In November he realized that he had done nothing to celebrate Willem’s forty-third birthday in late August, and mentioned it to him. “Well, technically, you get a pass, because I wasn’t here,” said Willem. “But sure, I’ll let you make it up to me. Let’s see.” He thought. “Are you ready to go out into the world? Do you want to have dinner? An early dinner?”
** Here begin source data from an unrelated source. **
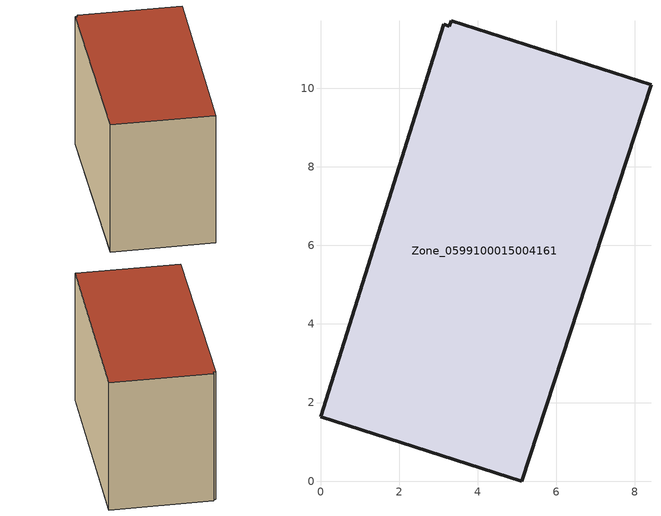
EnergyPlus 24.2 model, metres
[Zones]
Zone_0599100015004161
 floor ground (C_G): 0,1.64 3.14,11.62 3.27,11.58 3.32,11.71 8.41,10.09 5.12,0 z0.91
 wall outside (C_F): 5.12,0 8.41,10.09 3.32,11.71 3.27,11.58 3.14,11.62 0,1.64 5.12,0 z0.91:8.4
 roof outside (C_R): 3.14,11.62 0,1.64 5.12,0 8.41,10.09 3.32,11.71 3.27,11.58 z8.4
[BUILDING]
Pand.0599100015004161: North Axis=0; Terrain=City; Loads Convergence Tolerance Value=0.04; Temperature Convergence Tolerance Value=0.4; Solar Distribution=FullExterior; Maximum Number of Warmup Days=25; Minimum Number of Warmup Days=1
[Site:Location]
Rotterdam.The.Hague.AP_ZH_NLD Design_Conditions: Latitude=51.96; Longitude=4.45; Time Zone=1; Elevation=-4.5
[SITE:GROUNDTEMPERATURE:BUILDINGSURFACE]
18, 18, 18, 18, 18, 18, 18, 18, 18, 18, 18, 18
[MATERIAL] Thermal Absorptance=0.9; Solar Absorptance=0.7; Visible Absorptance=0.7
Name | Roughness | Thickness | Conductivity | Density | Specific Heat
G.TI.1965-1974 | MediumSmooth | 0.15 | 0.882353 | 540 | 1210
F.TI.1965-1974 | Rough | 0.3 | 0.697674 | 1920 | 840
R.TI.1965-1974 | MediumRough | 0.2 | 0.232558 | 1500 | 1000
[CONSTRUCTION]
C_G: G.TI.1965-1974
C_F: F.TI.1965-1974
C_R: R.TI.1965-1974
[ZONE]
Zone_0599100015004161: Type=1; Multiplier=1; Ceiling Height=Autocalculate; Volume=Autocalculate; Floor Area=autocalculate; Part of Total Floor Area=Yes
[ZONEINFILTRATION:DESIGNFLOWRATE]
Infil_Zone_0599100015004161: Zone or ZoneList or Space or SpaceList=Zone_0599100015004161; Schedule=AlwaysOn; Design Flow Rate Calculation Method=Flow/Area; Flow Rate per Floor Area=0.003; Constant Term Coefficient=1; Temperature Term Coefficient=0; Velocity Term Coefficient=0; Velocity Squared Term Coefficient=0
[HVACTEMPLATE:ZONE:IDEALLOADSAIRSYSTEM]
Zone_0599100015004161: Maximum Heating Supply Air Temperature=50; Minimum Cooling Supply Air Temperature=13; Maximum Heating Supply Air Humidity Ratio=0.0156; Minimum Cooling Supply Air Humidity Ratio=0.0077; Heating Limit=NoLimit; Cooling Limit=NoLimit; Dehumidification Control Type=ConstantSensibleHeatRatio; Cooling Sensible Heat Ratio=0.7; Dehumidification Setpoint=60; Humidification Control Type=None; Humidification Setpoint=30; Outdoor Air Method=None; Outdoor Air Flow Rate per Person=0.00944; Outdoor Air Flow Rate per Zone Floor Area=0; Outdoor Air Flow Rate per Zone=0; Demand Controlled Ventilation Type=None; Outdoor Air Economizer Type=NoEconomizer; Heat Recovery Type=None; Sensible Heat Recovery Effectiveness=0.7; Latent Heat Recovery Effectiveness=0.65
[ZONECONTROL:THERMOSTAT]
ThermostatControl_Zone_0599100015004161: Zone or ZoneList=Zone_0599100015004161; Control Type Schedule=DualSetpointControlType; Control 1=Thermostat_Zone_0599100015004161; Temperature Difference Between Cutout And Setpoint=0
[THERMOSTATSETPOINT:DUALSETPOINT]
Thermostat_Zone_0599100015004161: Heating Setpoint Temperature Schedule=HeatingSetpoint_Zone_0599100015004161; Cooling Setpoint Temperature Schedule=CoolingSetpoint_Zone_0599100015004161
[SCHEDULE:COMPACT]
HeatingSetpoint_Zone_0599100015004161: Through: 12/31, For: AllDays, Until: 24:00, 21
CoolingSetpoint_Zone_0599100015004161: Through: 12/31, For: AllDays, Until: 24:00, 24
DualSetpointControlType: Through: 12/31, For: AllDays, Until: 24:00, 4
AlwaysOn: Through: 12/31, For: AllDays, Until: 24:00, 1

“Sure,” he said, and they went the next week to a little Japanese place in the East Village that served pressed sushi and where they’d been going for years. He ordered his own food, although he had been nervous, worried that he was somehow choosing incorrectly, but Willem was patient and waited as he deliberated, and when he had decided, he’d nodded at him. “Good choice,” he said. As they ate, they spoke of their friends, and the play Willem had decided he was going to do, and the novel he was reading: anything but him.
“I think we should go to Morocco,” he said as they walked slowly home, and Willem looked at him.
“I’ll look into it,” Willem said, and took his arm to move him out of the path of a bicyclist who was zooming down the street.
“I want to get you something for your birthday,” he said, a few blocks later. Really, he wanted to get Willem something to thank him, and to try to express what he couldn’t say to him: a gift that would properly convey years of gratitude and love. After their earlier conversation about the play, he had remembered that Willem had, in fact, committed the previous year to a project that would be shooting in Russia in early January. But when he mentioned this to him, Willem had shrugged. “Oh, that?” he’d asked. “Didn’t work out. It’s fine. I didn’t really want to do it anyway.” He had been suspicious, though, and when he had looked online, there were reports that Willem had pulled out of the film for personal reasons; another actor had been cast instead. He had stared at the screen then, the story blurring before him, but when he had asked Willem about it, Willem had shrugged again. “That’s what you say when you realize you and the director really aren’t on the same page and no one wants to lose face,” he said. But he knew that Willem wasn’t telling him the truth.